Yepper!  And that's coming from a Yankee!!  #-o 

 :!:

If you like it spicey, you can always add a little T (a drop or 2) or what ever tickles your fancy.  Seriously, grits is some goooood eatin' ! !


----------



## Greg Rempe (Sep 18, 2005)

Butter and salt!  It is kinda aquired but if you can't see the wonderment in it initally, you probably won't like it really well!


----------



## Bill The Grill Guy (Sep 18, 2005)

The problem with you guys is that you dont understand grits.  My mother, (anyone say anything about my mother and I will delet you)", says that in KY you eat grits as a breakfast food.  Add some brown suger and butter and you have some awsome wake up food.


----------



## Guest (Sep 18, 2005)

Bill The Grill Guy said:
			
		

> The problem with you guys is that you dont understand grits.  My mother, (anyone say anything about my mother and I will delet you)", says that in KY you eat grits as a breakfast food.  Add some brown suger and butter and you have some awsome wake up food.


Well, there's your problem, Bill . . . *KENTUCKY!! *:grin:  :grin:  What does "delet" mean??


----------



## BigGQ (Sep 18, 2005)

If your making your own...use chicken broth, instead of water, and add cheese.  

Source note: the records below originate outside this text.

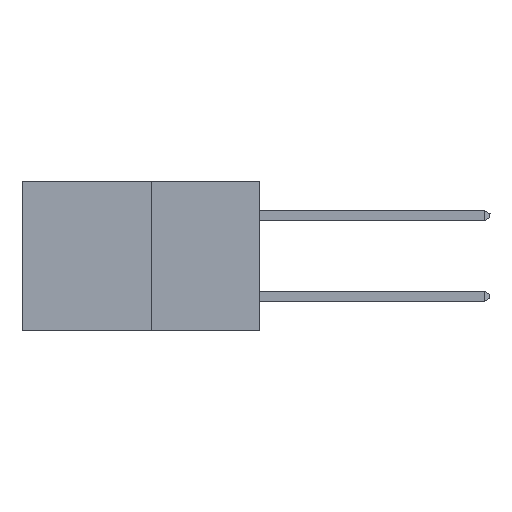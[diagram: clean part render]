
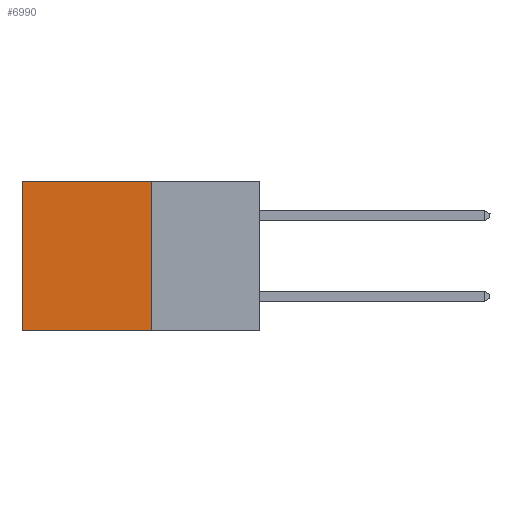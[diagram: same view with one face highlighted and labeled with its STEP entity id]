
A CAD part, left-side view. The second image highlights one B-rep face of the part: STEP entity #6990.
In plain terms, the highlighted planar face has unit normal (-1, 0, 0).
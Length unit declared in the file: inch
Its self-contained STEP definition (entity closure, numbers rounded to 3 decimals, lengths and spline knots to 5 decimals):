
#159 = DIRECTION ( 'NONE',  ( 0., 0., -1. ) ) ;
#203 = EDGE_LOOP ( 'NONE', ( #4263, #7099, #6685, #4462 ) ) ;
#342 = CARTESIAN_POINT ( 'NONE',  ( 0.277, 0.59, -0.37 ) ) ;
#383 = VERTEX_POINT ( 'NONE', #3864 ) ;
#910 = EDGE_CURVE ( 'NONE', #383, #8929, #1312, .T. ) ;
#1312 = LINE ( 'NONE', #342, #8938 ) ;
#2018 = EDGE_CURVE ( 'NONE', #4219, #5042, #2171, .T. ) ;
#2114 = LINE ( 'NONE', #2217, #9187 ) ;
#2171 = LINE ( 'NONE', #6997, #4189 ) ;
#2194 = CARTESIAN_POINT ( 'NONE',  ( 0.277, 0.27, 0. ) ) ;
#2217 = CARTESIAN_POINT ( 'NONE',  ( 0.277, 0.27, -0.37 ) ) ;
#2232 = DIRECTION ( 'NONE',  ( 0., 1., 0. ) ) ;
#2562 = PLANE ( 'NONE',  #4654 ) ;
#3035 = DIRECTION ( 'NONE',  ( 0., 0., -1. ) ) ;
#3176 = FACE_OUTER_BOUND ( 'NONE', #203, .T. ) ;
#3327 = CARTESIAN_POINT ( 'NONE',  ( 0.277, 0.27, -0.37 ) ) ;
#3864 = CARTESIAN_POINT ( 'NONE',  ( 0.277, 0.59, 0. ) ) ;
#4189 = VECTOR ( 'NONE', #5767, 39.37008 ) ;
#4219 = VERTEX_POINT ( 'NONE', #2194 ) ;
#4263 = ORIENTED_EDGE ( 'NONE', *, *, #910, .T. ) ;
#4462 = ORIENTED_EDGE ( 'NONE', *, *, #6757, .T. ) ;
#4654 = AXIS2_PLACEMENT_3D ( 'NONE', #3327, #4873, #159 ) ;
#4873 = DIRECTION ( 'NONE',  ( 1., 0., 0. ) ) ;
#5042 = VERTEX_POINT ( 'NONE', #7930 ) ;
#5182 = CARTESIAN_POINT ( 'NONE',  ( 0.277, 0.27, 0. ) ) ;
#5366 = CARTESIAN_POINT ( 'NONE',  ( 0.277, 0.59, -0.37 ) ) ;
#5369 = EDGE_CURVE ( 'NONE', #5042, #8929, #2114, .T. ) ;
#5767 = DIRECTION ( 'NONE',  ( 0., 0., -1. ) ) ;
#6494 = VECTOR ( 'NONE', #6694, 39.37008 ) ;
#6685 = ORIENTED_EDGE ( 'NONE', *, *, #2018, .F. ) ;
#6694 = DIRECTION ( 'NONE',  ( 0., 1., 0. ) ) ;
#6757 = EDGE_CURVE ( 'NONE', #4219, #383, #7942, .T. ) ;
#6990 = ADVANCED_FACE ( 'NONE', ( #3176 ), #2562, .F. ) ;
#6997 = CARTESIAN_POINT ( 'NONE',  ( 0.277, 0.27, -0.37 ) ) ;
#7099 = ORIENTED_EDGE ( 'NONE', *, *, #5369, .F. ) ;
#7930 = CARTESIAN_POINT ( 'NONE',  ( 0.277, 0.27, -0.37 ) ) ;
#7942 = LINE ( 'NONE', #5182, #6494 ) ;
#8929 = VERTEX_POINT ( 'NONE', #5366 ) ;
#8938 = VECTOR ( 'NONE', #3035, 39.37008 ) ;
#9187 = VECTOR ( 'NONE', #2232, 39.37008 ) ;
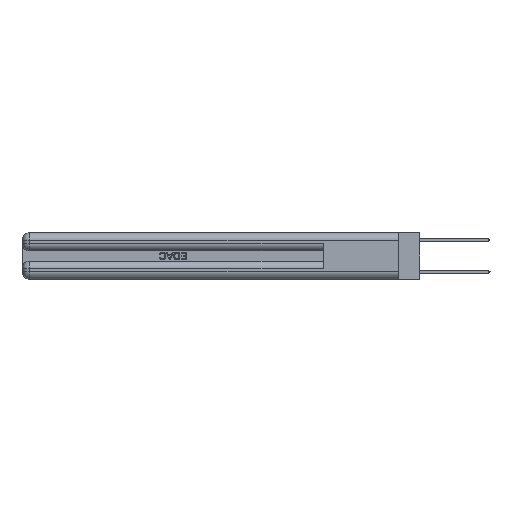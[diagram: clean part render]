
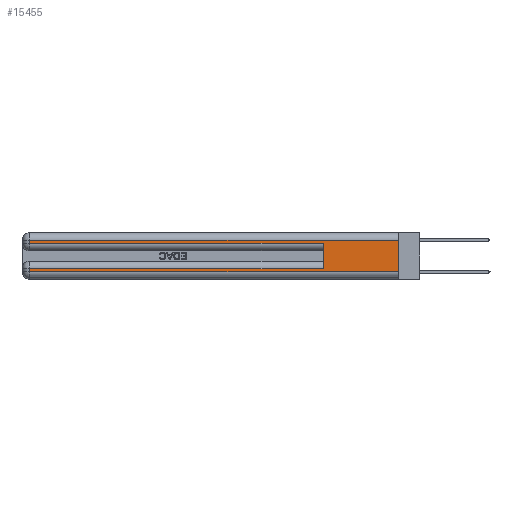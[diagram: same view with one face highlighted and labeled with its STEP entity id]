
A CAD part, left-side view. The second image highlights one B-rep face of the part: STEP entity #15455.
In plain terms, the highlighted planar face has unit normal (-1, 0, 0).
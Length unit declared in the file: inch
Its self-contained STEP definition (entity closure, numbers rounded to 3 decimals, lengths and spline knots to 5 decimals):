
#599 = EDGE_CURVE ( 'NONE', #31099, #20705, #11654, .T. ) ;
#652 = CARTESIAN_POINT ( 'NONE',  ( 0., 0., 0.06 ) ) ;
#843 = EDGE_CURVE ( 'NONE', #31099, #11664, #5703, .T. ) ;
#1165 = CARTESIAN_POINT ( 'NONE',  ( 0., 2.94, 0.285 ) ) ;
#1433 = EDGE_CURVE ( 'NONE', #32309, #13758, #17940, .T. ) ;
#2681 = LINE ( 'NONE', #25756, #16066 ) ;
#2705 = CARTESIAN_POINT ( 'NONE',  ( 0., 2.94, 0.085 ) ) ;
#3681 = CARTESIAN_POINT ( 'NONE',  ( 0., 0., 0.085 ) ) ;
#4568 = ORIENTED_EDGE ( 'NONE', *, *, #843, .F. ) ;
#4596 = EDGE_CURVE ( 'NONE', #27958, #11664, #14802, .T. ) ;
#4648 = ORIENTED_EDGE ( 'NONE', *, *, #13203, .F. ) ;
#4847 = VERTEX_POINT ( 'NONE', #34208 ) ;
#5002 = DIRECTION ( 'NONE',  ( 0., 0., -1. ) ) ;
#5703 = LINE ( 'NONE', #34807, #10887 ) ;
#6543 = FACE_OUTER_BOUND ( 'NONE', #25970, .T. ) ;
#8016 = VECTOR ( 'NONE', #18344, 39.37008 ) ;
#9269 = CARTESIAN_POINT ( 'NONE',  ( 0., 0.6, 0.145 ) ) ;
#9820 = CARTESIAN_POINT ( 'NONE',  ( 0., 2.94, 0.06 ) ) ;
#10887 = VECTOR ( 'NONE', #5002, 39.37008 ) ;
#11553 = VECTOR ( 'NONE', #35412, 39.37008 ) ;
#11654 = LINE ( 'NONE', #14853, #22974 ) ;
#11664 = VERTEX_POINT ( 'NONE', #652 ) ;
#11771 = EDGE_CURVE ( 'NONE', #4847, #36685, #18038, .T. ) ;
#13203 = EDGE_CURVE ( 'NONE', #4847, #13758, #35540, .T. ) ;
#13248 = ORIENTED_EDGE ( 'NONE', *, *, #599, .T. ) ;
#13758 = VERTEX_POINT ( 'NONE', #22031 ) ;
#14479 = EDGE_CURVE ( 'NONE', #36685, #27958, #2681, .T. ) ;
#14802 = LINE ( 'NONE', #23923, #11553 ) ;
#14853 = CARTESIAN_POINT ( 'NONE',  ( 0., 0., 0.31 ) ) ;
#15036 = PLANE ( 'NONE',  #20276 ) ;
#15189 = DIRECTION ( 'NONE',  ( 0., 1., 0. ) ) ;
#15455 = ADVANCED_FACE ( 'NONE', ( #6543 ), #15036, .F. ) ;
#15475 = DIRECTION ( 'NONE',  ( 0., -1., 0. ) ) ;
#16066 = VECTOR ( 'NONE', #37268, 39.37008 ) ;
#17687 = DIRECTION ( 'NONE',  ( 1., 0., 0. ) ) ;
#17705 = DIRECTION ( 'NONE',  ( 0., 0., -1. ) ) ;
#17940 = LINE ( 'NONE', #32677, #29670 ) ;
#18038 = LINE ( 'NONE', #3681, #26561 ) ;
#18334 = ORIENTED_EDGE ( 'NONE', *, *, #14479, .T. ) ;
#18344 = DIRECTION ( 'NONE',  ( 0., 0., 1. ) ) ;
#20276 = AXIS2_PLACEMENT_3D ( 'NONE', #34707, #17687, #32244 ) ;
#20705 = VERTEX_POINT ( 'NONE', #35828 ) ;
#20726 = DIRECTION ( 'NONE',  ( 0., 1., 0. ) ) ;
#22031 = CARTESIAN_POINT ( 'NONE',  ( 0., 0.6, 0.285 ) ) ;
#22494 = ORIENTED_EDGE ( 'NONE', *, *, #4596, .T. ) ;
#22810 = ORIENTED_EDGE ( 'NONE', *, *, #11771, .T. ) ;
#22974 = VECTOR ( 'NONE', #20726, 39.37008 ) ;
#23923 = CARTESIAN_POINT ( 'NONE',  ( 0., 0., 0.06 ) ) ;
#25756 = CARTESIAN_POINT ( 'NONE',  ( 0., 2.94, 0.37 ) ) ;
#25970 = EDGE_LOOP ( 'NONE', ( #4568, #13248, #32653, #26526, #4648, #22810, #18334, #22494 ) ) ;
#26235 = LINE ( 'NONE', #35798, #27433 ) ;
#26526 = ORIENTED_EDGE ( 'NONE', *, *, #1433, .T. ) ;
#26561 = VECTOR ( 'NONE', #15189, 39.37008 ) ;
#27433 = VECTOR ( 'NONE', #17705, 39.37008 ) ;
#27958 = VERTEX_POINT ( 'NONE', #9820 ) ;
#29506 = CARTESIAN_POINT ( 'NONE',  ( 0., 0., 0.31 ) ) ;
#29670 = VECTOR ( 'NONE', #15475, 39.37008 ) ;
#31099 = VERTEX_POINT ( 'NONE', #29506 ) ;
#32244 = DIRECTION ( 'NONE',  ( 0., 0., -1. ) ) ;
#32309 = VERTEX_POINT ( 'NONE', #1165 ) ;
#32653 = ORIENTED_EDGE ( 'NONE', *, *, #36430, .T. ) ;
#32677 = CARTESIAN_POINT ( 'NONE',  ( 0., 0., 0.285 ) ) ;
#34208 = CARTESIAN_POINT ( 'NONE',  ( 0., 0.6, 0.085 ) ) ;
#34707 = CARTESIAN_POINT ( 'NONE',  ( 0., 0., 0.37 ) ) ;
#34807 = CARTESIAN_POINT ( 'NONE',  ( 0., 0., 0.37 ) ) ;
#35412 = DIRECTION ( 'NONE',  ( 0., -1., 0. ) ) ;
#35540 = LINE ( 'NONE', #9269, #8016 ) ;
#35798 = CARTESIAN_POINT ( 'NONE',  ( 0., 2.94, 0.37 ) ) ;
#35828 = CARTESIAN_POINT ( 'NONE',  ( 0., 2.94, 0.31 ) ) ;
#36430 = EDGE_CURVE ( 'NONE', #20705, #32309, #26235, .T. ) ;
#36685 = VERTEX_POINT ( 'NONE', #2705 ) ;
#37268 = DIRECTION ( 'NONE',  ( 0., 0., -1. ) ) ;
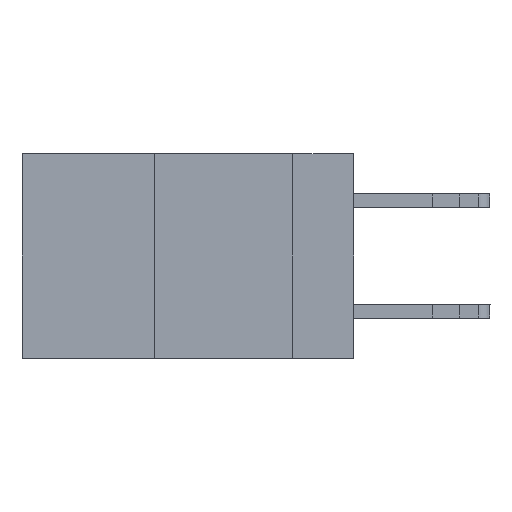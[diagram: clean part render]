
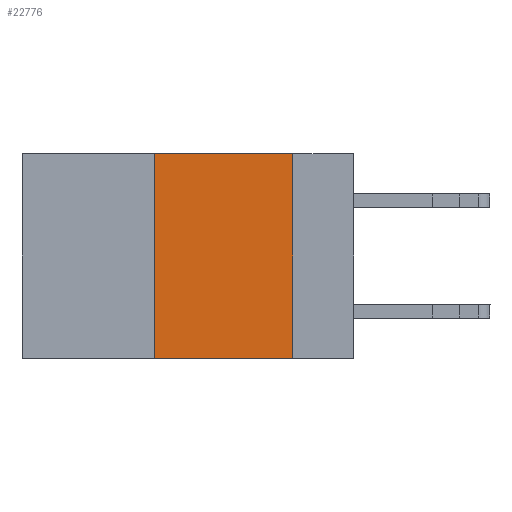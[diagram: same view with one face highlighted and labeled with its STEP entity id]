
A CAD part, left-side view. The second image highlights one B-rep face of the part: STEP entity #22776.
In plain terms, the highlighted planar face has unit normal (-1, 0, 0).
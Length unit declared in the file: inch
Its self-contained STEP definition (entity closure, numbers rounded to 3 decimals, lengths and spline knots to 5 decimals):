
#236 = DIRECTION ( 'NONE',  ( 0., 0., -1. ) ) ;
#800 = LINE ( 'NONE', #7852, #13462 ) ;
#2172 = VECTOR ( 'NONE', #10991, 39.37008 ) ;
#3644 = VECTOR ( 'NONE', #19563, 39.37008 ) ;
#4317 = ORIENTED_EDGE ( 'NONE', *, *, #18659, .T. ) ;
#5166 = EDGE_CURVE ( 'NONE', #23784, #10618, #5803, .T. ) ;
#5803 = LINE ( 'NONE', #8010, #27773 ) ;
#7852 = CARTESIAN_POINT ( 'NONE',  ( 0., 0.11, 0. ) ) ;
#8010 = CARTESIAN_POINT ( 'NONE',  ( 0., 0.36, 0. ) ) ;
#10091 = ORIENTED_EDGE ( 'NONE', *, *, #19761, .F. ) ;
#10618 = VERTEX_POINT ( 'NONE', #16945 ) ;
#10991 = DIRECTION ( 'NONE',  ( 0., -1., 0. ) ) ;
#11216 = CARTESIAN_POINT ( 'NONE',  ( 0., 0.36, -0.37 ) ) ;
#11629 = ORIENTED_EDGE ( 'NONE', *, *, #21722, .F. ) ;
#12161 = VERTEX_POINT ( 'NONE', #26623 ) ;
#13462 = VECTOR ( 'NONE', #23719, 39.37008 ) ;
#13593 = FACE_OUTER_BOUND ( 'NONE', #20322, .T. ) ;
#15279 = CARTESIAN_POINT ( 'NONE',  ( 0., 0.6, 0. ) ) ;
#15404 = LINE ( 'NONE', #22318, #2172 ) ;
#16945 = CARTESIAN_POINT ( 'NONE',  ( 0., 0.36, 0. ) ) ;
#17621 = LINE ( 'NONE', #15279, #3644 ) ;
#18165 = PLANE ( 'NONE',  #27589 ) ;
#18659 = EDGE_CURVE ( 'NONE', #23784, #12161, #15404, .T. ) ;
#19563 = DIRECTION ( 'NONE',  ( 0., -1., 0. ) ) ;
#19761 = EDGE_CURVE ( 'NONE', #28643, #12161, #800, .T. ) ;
#20322 = EDGE_LOOP ( 'NONE', ( #10091, #11629, #24579, #4317 ) ) ;
#20359 = DIRECTION ( 'NONE',  ( 1., 0., 0. ) ) ;
#21722 = EDGE_CURVE ( 'NONE', #10618, #28643, #17621, .T. ) ;
#22318 = CARTESIAN_POINT ( 'NONE',  ( 0., 0.6, -0.37 ) ) ;
#22776 = ADVANCED_FACE ( 'NONE', ( #13593 ), #18165, .F. ) ;
#23719 = DIRECTION ( 'NONE',  ( 0., 0., -1. ) ) ;
#23784 = VERTEX_POINT ( 'NONE', #11216 ) ;
#24579 = ORIENTED_EDGE ( 'NONE', *, *, #5166, .F. ) ;
#24937 = CARTESIAN_POINT ( 'NONE',  ( 0., 0.6, 0. ) ) ;
#25407 = CARTESIAN_POINT ( 'NONE',  ( 0., 0.11, 0. ) ) ;
#25798 = DIRECTION ( 'NONE',  ( 0., 0., 1. ) ) ;
#26623 = CARTESIAN_POINT ( 'NONE',  ( 0., 0.11, -0.37 ) ) ;
#27589 = AXIS2_PLACEMENT_3D ( 'NONE', #24937, #20359, #236 ) ;
#27773 = VECTOR ( 'NONE', #25798, 39.37008 ) ;
#28643 = VERTEX_POINT ( 'NONE', #25407 ) ;

If you want to try something differnt to add flavor, add some shrimp or salmon. It might not sound good...but it is really a good combination.


----------



## 1MoreFord (Sep 18, 2005)

I just can't understand you Yankee sorts.  Anyone from the land of corn and swine who don't like grits just ain't right. [-X 

Especially folks like Bryan, who come from areas where corn mush and swine are combined inta scrapple.     Must admit tho, even some of the folks from that region admit "scrapple's ok if'n ya put 'nough maple syrup onit". 

What mosta y'all yankees don't understand is that the grits we liken the most is  our Girls Raised In The South who can make you like all the kinds of grits.  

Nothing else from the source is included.